If recognition of handwritten text is now becoming a more reliable tool, it would be logical to think of speech recognition as the next step. After all, this is a more direct method of data collection. Speech recognition has broad economic potential, and is a topic of much research. Some commercial applications of this technology are appearing, especially in processing verbal instructions received by telephone, and in the automotive industry. But progress in this area has been slower than expected. Statistical applications are still rare.

3.2Automatic coding

Recognizing verbal texts usually has for purpose to accommodate associated automatic coding. That is, the computer reads a text, for example the name of a geographic area, and then selects the applicable code from an associated file or database.

Such solutions, which ideally would allow completely automatic data capture and coding, depend on two pre-requisites: (i) the recognition process must be sufficiently reliable and, (ii) the search algorithms do indeed lead from the recognized term(s) to the appropriate code. A 100% character recognition rate is not required, since the algorithm may still be successful with incomplete or partially mangled terms.

However, there are indeed problems with this process.

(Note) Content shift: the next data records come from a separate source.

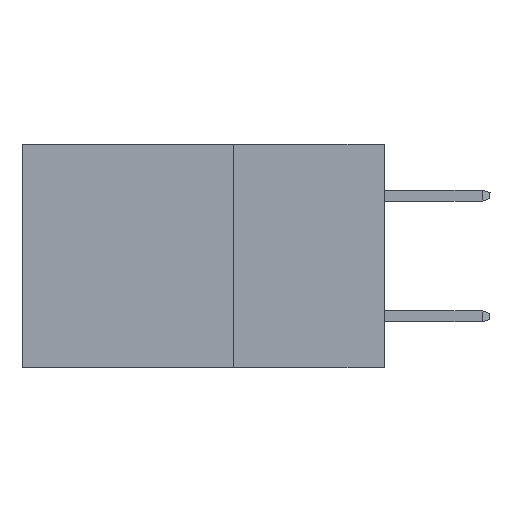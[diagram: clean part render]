
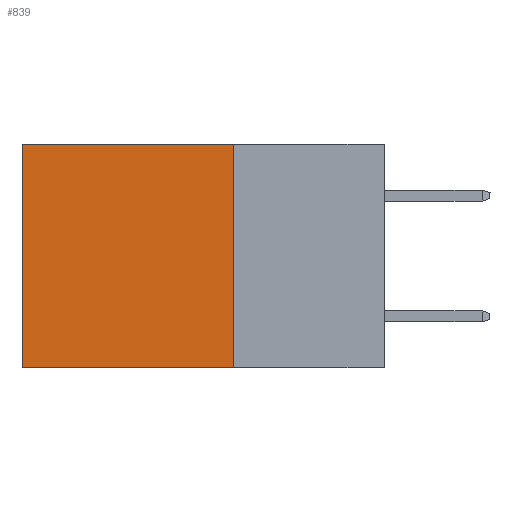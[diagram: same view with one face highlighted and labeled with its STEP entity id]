
A CAD part, left-side view. The second image highlights one B-rep face of the part: STEP entity #839.
In plain terms, the highlighted planar face has unit normal (-1, 0, 0).
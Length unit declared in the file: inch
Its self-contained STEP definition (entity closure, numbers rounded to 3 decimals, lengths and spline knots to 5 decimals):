
#455 = ORIENTED_EDGE ( 'NONE', *, *, #22899, .F. ) ;
#839 = ADVANCED_FACE ( 'NONE', ( #19703 ), #12892, .F. ) ;
#1646 = DIRECTION ( 'NONE',  ( 0., 0., -1. ) ) ;
#1688 = LINE ( 'NONE', #14678, #10239 ) ;
#3892 = EDGE_CURVE ( 'NONE', #9637, #4471, #1688, .T. ) ;
#3921 = EDGE_CURVE ( 'NONE', #20458, #11565, #7020, .T. ) ;
#4471 = VERTEX_POINT ( 'NONE', #13313 ) ;
#4622 = VECTOR ( 'NONE', #20168, 39.37008 ) ;
#4905 = AXIS2_PLACEMENT_3D ( 'NONE', #18347, #24020, #12808 ) ;
#4913 = DIRECTION ( 'NONE',  ( 0., 1., 0. ) ) ;
#5135 = CARTESIAN_POINT ( 'NONE',  ( 0.298, 0.25, 0. ) ) ;
#5606 = CARTESIAN_POINT ( 'NONE',  ( 0.298, 0.6, 0. ) ) ;
#6556 = VECTOR ( 'NONE', #4913, 39.37008 ) ;
#7015 = LINE ( 'NONE', #5135, #4622 ) ;
#7020 = LINE ( 'NONE', #18352, #20988 ) ;
#8435 = ORIENTED_EDGE ( 'NONE', *, *, #3921, .F. ) ;
#8618 = CARTESIAN_POINT ( 'NONE',  ( 0.298, 0.25, -0.37 ) ) ;
#9637 = VERTEX_POINT ( 'NONE', #5606 ) ;
#10239 = VECTOR ( 'NONE', #1646, 39.37008 ) ;
#10668 = LINE ( 'NONE', #8618, #6556 ) ;
#11565 = VERTEX_POINT ( 'NONE', #18461 ) ;
#12808 = DIRECTION ( 'NONE',  ( 0., 0., -1. ) ) ;
#12892 = PLANE ( 'NONE',  #4905 ) ;
#13313 = CARTESIAN_POINT ( 'NONE',  ( 0.298, 0.6, -0.37 ) ) ;
#14428 = DIRECTION ( 'NONE',  ( 0., 0., -1. ) ) ;
#14678 = CARTESIAN_POINT ( 'NONE',  ( 0.298, 0.6, 0. ) ) ;
#14762 = CARTESIAN_POINT ( 'NONE',  ( 0.298, 0.25, 0. ) ) ;
#14822 = ORIENTED_EDGE ( 'NONE', *, *, #19137, .T. ) ;
#14937 = EDGE_LOOP ( 'NONE', ( #20244, #455, #8435, #14822 ) ) ;
#18347 = CARTESIAN_POINT ( 'NONE',  ( 0.298, 0.25, 0. ) ) ;
#18352 = CARTESIAN_POINT ( 'NONE',  ( 0.298, 0.25, 0. ) ) ;
#18461 = CARTESIAN_POINT ( 'NONE',  ( 0.298, 0.25, -0.37 ) ) ;
#19137 = EDGE_CURVE ( 'NONE', #20458, #9637, #7015, .T. ) ;
#19703 = FACE_OUTER_BOUND ( 'NONE', #14937, .T. ) ;
#20168 = DIRECTION ( 'NONE',  ( 0., 1., 0. ) ) ;
#20244 = ORIENTED_EDGE ( 'NONE', *, *, #3892, .T. ) ;
#20458 = VERTEX_POINT ( 'NONE', #14762 ) ;
#20988 = VECTOR ( 'NONE', #14428, 39.37008 ) ;
#22899 = EDGE_CURVE ( 'NONE', #11565, #4471, #10668, .T. ) ;
#24020 = DIRECTION ( 'NONE',  ( 1., 0., 0. ) ) ;

First there is the recognition reject rate, as referred to above, which might require an unexpected level of human interference. Next comes the difficulty of automatically determining the applicable codes, the severity of which depends on the nature of the variable concerned. Geographic terms are usually not too difficult to code automatically, except perhaps for the lowest level (e.g. village), where spelling my not be standardized and homonyms occur. Occupation and Industry tend to be more problematic. Despite the efforts by census field staff to extract full information from respondents, these variables will often be reported in terms that can not be easily linked to ISCO, ISIC or NACE codebooks.